Using Claude to review my homework is a no-brainer. It can check my answers and help me learn from my mistakes. But I feel the temptation. Claude could do all my homework in the blink of an eye. And well enough that I’d be able to bluff my way through the evening class. I’d have saved a couple of hours.
And there’s the rub. If you’re only doing the work because you’re being forced to jump through a hoop - and you have no interest in the subject, or remembering about it in the long run - then why not get AI to help?
In fact, if you’re being graded against other people, people who are all likely to be using AI then why wouldn’t you use it? An AI is likely to do better than the average human - so not using it puts you at a disadvantage. The playing field is distinctly tilted.
For me, getting AI to do my homework is only cheating myself. It’s not going to help me learn Spanish. But if I had just been told to scrap my essay on the Midwich Cuckoos and write one about Shakespeare, would I be tempted to use AI? Of course I would. To be honest, I’d have got AI to help me with the Midwich Cuckoos as well.
The problem
Forty years ago, students snuck around surreptitiously using spell checkers. Today they sneak around using AI, hoping not to be caught by one of the many tools which claim to be able to detect AI generated content.

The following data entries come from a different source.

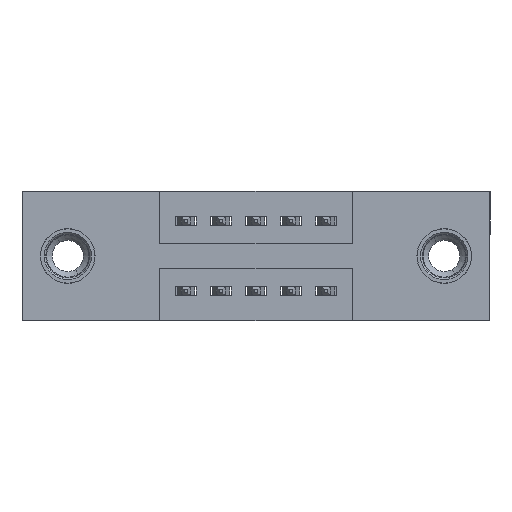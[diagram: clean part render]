
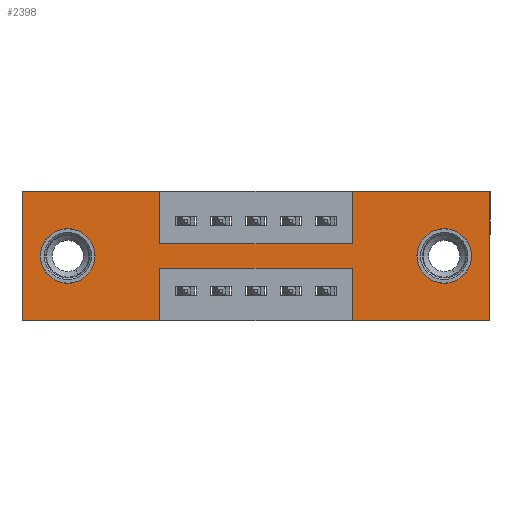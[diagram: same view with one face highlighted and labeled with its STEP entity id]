
A CAD part, front view. The second image highlights one B-rep face of the part: STEP entity #2398.
In plain terms, the highlighted planar face has unit normal (0, -1, 0).
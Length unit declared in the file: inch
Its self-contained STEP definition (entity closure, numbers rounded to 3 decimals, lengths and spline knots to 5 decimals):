
#3 = VECTOR ( 'NONE', #5656, 39.37008 ) ;
#298 = EDGE_CURVE ( 'NONE', #8269, #1930, #13032, .T. ) ;
#320 = EDGE_CURVE ( 'NONE', #5351, #1937, #10388, .T. ) ;
#427 = ORIENTED_EDGE ( 'NONE', *, *, #11081, .F. ) ;
#658 = VERTEX_POINT ( 'NONE', #9378 ) ;
#708 = LINE ( 'NONE', #12179, #3587 ) ;
#736 = CIRCLE ( 'NONE', #2001, 0.078 ) ;
#880 = FACE_BOUND ( 'NONE', #7388, .T. ) ;
#961 = DIRECTION ( 'NONE',  ( 0., 1., 0. ) ) ;
#1049 = LINE ( 'NONE', #10603, #12238 ) ;
#1059 = DIRECTION ( 'NONE',  ( 0., 1., 0. ) ) ;
#1066 = CARTESIAN_POINT ( 'NONE',  ( 0.13, 0., -0.107 ) ) ;
#1278 = DIRECTION ( 'NONE',  ( -1., 0., 0. ) ) ;
#1337 = VERTEX_POINT ( 'NONE', #7494 ) ;
#1367 = ORIENTED_EDGE ( 'NONE', *, *, #9096, .F. ) ;
#1770 = DIRECTION ( 'NONE',  ( 0., 1., 0. ) ) ;
#1895 = LINE ( 'NONE', #7610, #12370 ) ;
#1926 = CARTESIAN_POINT ( 'NONE',  ( 1.205, 0., -0.185 ) ) ;
#1930 = VERTEX_POINT ( 'NONE', #10601 ) ;
#1932 = EDGE_CURVE ( 'NONE', #6257, #5351, #2888, .T. ) ;
#1937 = VERTEX_POINT ( 'NONE', #11413 ) ;
#2001 = AXIS2_PLACEMENT_3D ( 'NONE', #7468, #1059, #8520 ) ;
#2025 = DIRECTION ( 'NONE',  ( 0., 0., 1. ) ) ;
#2398 = ADVANCED_FACE ( 'NONE', ( #880, #6605, #11785 ), #2751, .T. ) ;
#2426 = CARTESIAN_POINT ( 'NONE',  ( 0.3925, 0., 0. ) ) ;
#2427 = VERTEX_POINT ( 'NONE', #6776 ) ;
#2516 = ORIENTED_EDGE ( 'NONE', *, *, #2613, .F. ) ;
#2544 = EDGE_CURVE ( 'NONE', #2607, #8405, #10196, .T. ) ;
#2607 = VERTEX_POINT ( 'NONE', #1066 ) ;
#2613 = EDGE_CURVE ( 'NONE', #1930, #3605, #1049, .T. ) ;
#2677 = ORIENTED_EDGE ( 'NONE', *, *, #1932, .F. ) ;
#2751 = PLANE ( 'NONE',  #7566 ) ;
#2888 = LINE ( 'NONE', #7222, #13599 ) ;
#2976 = DIRECTION ( 'NONE',  ( 0., 0., -1. ) ) ;
#3175 = VECTOR ( 'NONE', #5150, 39.37008 ) ;
#3176 = CARTESIAN_POINT ( 'NONE',  ( 0.3925, 0., -0.37 ) ) ;
#3587 = VECTOR ( 'NONE', #4886, 39.37008 ) ;
#3605 = VERTEX_POINT ( 'NONE', #6172 ) ;
#3724 = VERTEX_POINT ( 'NONE', #8487 ) ;
#3733 = CARTESIAN_POINT ( 'NONE',  ( 0., 0., -0.37 ) ) ;
#3796 = VECTOR ( 'NONE', #1278, 39.37008 ) ;
#3797 = DIRECTION ( 'NONE',  ( 0., -1., 0. ) ) ;
#3931 = EDGE_CURVE ( 'NONE', #1337, #8269, #5862, .T. ) ;
#3969 = DIRECTION ( 'NONE',  ( 1., 0., 0. ) ) ;
#4054 = CARTESIAN_POINT ( 'NONE',  ( 0.3925, 0., 0. ) ) ;
#4159 = CARTESIAN_POINT ( 'NONE',  ( 0., 0., 0. ) ) ;
#4224 = VECTOR ( 'NONE', #2025, 39.37008 ) ;
#4351 = ORIENTED_EDGE ( 'NONE', *, *, #9053, .T. ) ;
#4435 = CARTESIAN_POINT ( 'NONE',  ( 0.3925, 0., -0.22 ) ) ;
#4768 = VECTOR ( 'NONE', #6892, 39.37008 ) ;
#4886 = DIRECTION ( 'NONE',  ( -1., 0., 0. ) ) ;
#4984 = VECTOR ( 'NONE', #3969, 39.37008 ) ;
#5031 = CARTESIAN_POINT ( 'NONE',  ( 1.205, 0., -0.263 ) ) ;
#5129 = AXIS2_PLACEMENT_3D ( 'NONE', #1926, #9355, #2976 ) ;
#5150 = DIRECTION ( 'NONE',  ( 0., 0., 1. ) ) ;
#5261 = DIRECTION ( 'NONE',  ( 1., 0., 0. ) ) ;
#5351 = VERTEX_POINT ( 'NONE', #4054 ) ;
#5624 = VERTEX_POINT ( 'NONE', #6043 ) ;
#5656 = DIRECTION ( 'NONE',  ( 0., 0., 1. ) ) ;
#5862 = LINE ( 'NONE', #11903, #3 ) ;
#5909 = ORIENTED_EDGE ( 'NONE', *, *, #9151, .T. ) ;
#6043 = CARTESIAN_POINT ( 'NONE',  ( 0.3925, 0., -0.37 ) ) ;
#6172 = CARTESIAN_POINT ( 'NONE',  ( 1.335, 0., -0.37 ) ) ;
#6218 = EDGE_LOOP ( 'NONE', ( #12583, #8810, #7945, #7609, #2516, #13202, #8803, #1367, #10286, #2677, #12857, #427 ) ) ;
#6257 = VERTEX_POINT ( 'NONE', #13310 ) ;
#6605 = FACE_BOUND ( 'NONE', #9869, .T. ) ;
#6776 = CARTESIAN_POINT ( 'NONE',  ( 0., 0., -0.37 ) ) ;
#6867 = DIRECTION ( 'NONE',  ( 0., 0., -1. ) ) ;
#6892 = DIRECTION ( 'NONE',  ( 1., 0., 0. ) ) ;
#6993 = EDGE_CURVE ( 'NONE', #8405, #2607, #736, .T. ) ;
#7222 = CARTESIAN_POINT ( 'NONE',  ( 0., 0., 0. ) ) ;
#7285 = VECTOR ( 'NONE', #12021, 39.37008 ) ;
#7388 = EDGE_LOOP ( 'NONE', ( #4351, #5909 ) ) ;
#7417 = LINE ( 'NONE', #4159, #4224 ) ;
#7468 = CARTESIAN_POINT ( 'NONE',  ( 0.13, 0., -0.185 ) ) ;
#7494 = CARTESIAN_POINT ( 'NONE',  ( 0.9425, 0., -0.15 ) ) ;
#7566 = AXIS2_PLACEMENT_3D ( 'NONE', #3733, #3797, #6867 ) ;
#7587 = EDGE_CURVE ( 'NONE', #8475, #658, #8523, .T. ) ;
#7609 = ORIENTED_EDGE ( 'NONE', *, *, #13328, .F. ) ;
#7610 = CARTESIAN_POINT ( 'NONE',  ( 0., 0., -0.37 ) ) ;
#7659 = CARTESIAN_POINT ( 'NONE',  ( 0.3925, 0., -0.22 ) ) ;
#7945 = ORIENTED_EDGE ( 'NONE', *, *, #7587, .F. ) ;
#8157 = CARTESIAN_POINT ( 'NONE',  ( 1.205, 0., -0.185 ) ) ;
#8269 = VERTEX_POINT ( 'NONE', #12972 ) ;
#8402 = LINE ( 'NONE', #3176, #10839 ) ;
#8405 = VERTEX_POINT ( 'NONE', #9142 ) ;
#8430 = DIRECTION ( 'NONE',  ( 0., 0., 1. ) ) ;
#8441 = LINE ( 'NONE', #7659, #3796 ) ;
#8475 = VERTEX_POINT ( 'NONE', #12279 ) ;
#8487 = CARTESIAN_POINT ( 'NONE',  ( 1.205, 0., -0.107 ) ) ;
#8520 = DIRECTION ( 'NONE',  ( 0., 0., 1. ) ) ;
#8523 = LINE ( 'NONE', #12456, #3175 ) ;
#8674 = DIRECTION ( 'NONE',  ( -1., 0., 0. ) ) ;
#8803 = ORIENTED_EDGE ( 'NONE', *, *, #3931, .F. ) ;
#8810 = ORIENTED_EDGE ( 'NONE', *, *, #10455, .F. ) ;
#8904 = ORIENTED_EDGE ( 'NONE', *, *, #6993, .T. ) ;
#9053 = EDGE_CURVE ( 'NONE', #3724, #9107, #13529, .T. ) ;
#9096 = EDGE_CURVE ( 'NONE', #1937, #1337, #10274, .T. ) ;
#9107 = VERTEX_POINT ( 'NONE', #5031 ) ;
#9142 = CARTESIAN_POINT ( 'NONE',  ( 0.13, 0., -0.263 ) ) ;
#9151 = EDGE_CURVE ( 'NONE', #9107, #3724, #12620, .T. ) ;
#9223 = DIRECTION ( 'NONE',  ( 0., 0., -1. ) ) ;
#9355 = DIRECTION ( 'NONE',  ( 0., 1., 0. ) ) ;
#9378 = CARTESIAN_POINT ( 'NONE',  ( 0.9425, 0., -0.22 ) ) ;
#9869 = EDGE_LOOP ( 'NONE', ( #12359, #8904 ) ) ;
#10169 = CARTESIAN_POINT ( 'NONE',  ( 0.13, 0., -0.185 ) ) ;
#10196 = CIRCLE ( 'NONE', #13680, 0.078 ) ;
#10274 = LINE ( 'NONE', #10297, #4984 ) ;
#10286 = ORIENTED_EDGE ( 'NONE', *, *, #320, .F. ) ;
#10297 = CARTESIAN_POINT ( 'NONE',  ( 0.3925, 0., -0.15 ) ) ;
#10388 = LINE ( 'NONE', #2426, #7285 ) ;
#10455 = EDGE_CURVE ( 'NONE', #658, #10854, #8441, .T. ) ;
#10575 = DIRECTION ( 'NONE',  ( 0., 0., -1. ) ) ;
#10601 = CARTESIAN_POINT ( 'NONE',  ( 1.335, 0., 0. ) ) ;
#10603 = CARTESIAN_POINT ( 'NONE',  ( 1.335, 0., 0. ) ) ;
#10839 = VECTOR ( 'NONE', #10575, 39.37008 ) ;
#10854 = VERTEX_POINT ( 'NONE', #4435 ) ;
#11081 = EDGE_CURVE ( 'NONE', #5624, #2427, #708, .T. ) ;
#11413 = CARTESIAN_POINT ( 'NONE',  ( 0.3925, 0., -0.15 ) ) ;
#11634 = DIRECTION ( 'NONE',  ( 0., 0., -1. ) ) ;
#11785 = FACE_OUTER_BOUND ( 'NONE', #6218, .T. ) ;
#11891 = EDGE_CURVE ( 'NONE', #10854, #5624, #8402, .T. ) ;
#11903 = CARTESIAN_POINT ( 'NONE',  ( 0.9425, 0., 0. ) ) ;
#12021 = DIRECTION ( 'NONE',  ( 0., 0., -1. ) ) ;
#12179 = CARTESIAN_POINT ( 'NONE',  ( 0., 0., -0.37 ) ) ;
#12238 = VECTOR ( 'NONE', #11634, 39.37008 ) ;
#12279 = CARTESIAN_POINT ( 'NONE',  ( 0.9425, 0., -0.37 ) ) ;
#12359 = ORIENTED_EDGE ( 'NONE', *, *, #2544, .T. ) ;
#12370 = VECTOR ( 'NONE', #8674, 39.37008 ) ;
#12406 = EDGE_CURVE ( 'NONE', #2427, #6257, #7417, .T. ) ;
#12456 = CARTESIAN_POINT ( 'NONE',  ( 0.9425, 0., -0.37 ) ) ;
#12583 = ORIENTED_EDGE ( 'NONE', *, *, #11891, .F. ) ;
#12620 = CIRCLE ( 'NONE', #5129, 0.078 ) ;
#12857 = ORIENTED_EDGE ( 'NONE', *, *, #12406, .F. ) ;
#12972 = CARTESIAN_POINT ( 'NONE',  ( 0.9425, 0., 0. ) ) ;
#13032 = LINE ( 'NONE', #13301, #4768 ) ;
#13202 = ORIENTED_EDGE ( 'NONE', *, *, #298, .F. ) ;
#13301 = CARTESIAN_POINT ( 'NONE',  ( 0., 0., 0. ) ) ;
#13310 = CARTESIAN_POINT ( 'NONE',  ( 0., 0., 0. ) ) ;
#13328 = EDGE_CURVE ( 'NONE', #3605, #8475, #1895, .T. ) ;
#13529 = CIRCLE ( 'NONE', #13665, 0.078 ) ;
#13599 = VECTOR ( 'NONE', #5261, 39.37008 ) ;
#13665 = AXIS2_PLACEMENT_3D ( 'NONE', #8157, #1770, #9223 ) ;
#13680 = AXIS2_PLACEMENT_3D ( 'NONE', #10169, #961, #8430 ) ;

They are in an impossible situation. They face the same temptations I do with my Spanish homework, but with much higher stakes. And instead of acknowledging this reality, the education establishment is pretending nothing has changed.
The old spell checker rules seem absurd to our modern minds. And, in time, so will our current approach to AI. Think of the effort being spent trying to detect cheating to preserve a system that is as much about hoop-jumping as about learning. So much effort focused on the wrong problem. Instead of trying to keep AI out of education, we need to embrace it. Work out how to redesign education around AI.
There are many things we could do. Personal AI tutors. Customized AI learning paths. The ability to learn the things we want to. The things we’re good at. The things that will be useful in later life. I’ve built some of these already for myself. But there’s plenty more I could build. More that a future AI tutor could build for me.
We also need to consider what skills we’re teaching humans. The calculator reduced the emphasis on teaching mental maths skills. The spell checker reduced the emphasis on spelling. AI reduces the need to remember facts. Or write essays. But it also requires new skills - how to glue pipelines together. How to brief and manage the tools.
And what of the human teacher? Do we still need them? I'd like to think so. The hard-won praise from a human is much more valuable than the voluminous praise current AI models drench me in. Because ultimately, I'm learning these skills so that I can interact with humans.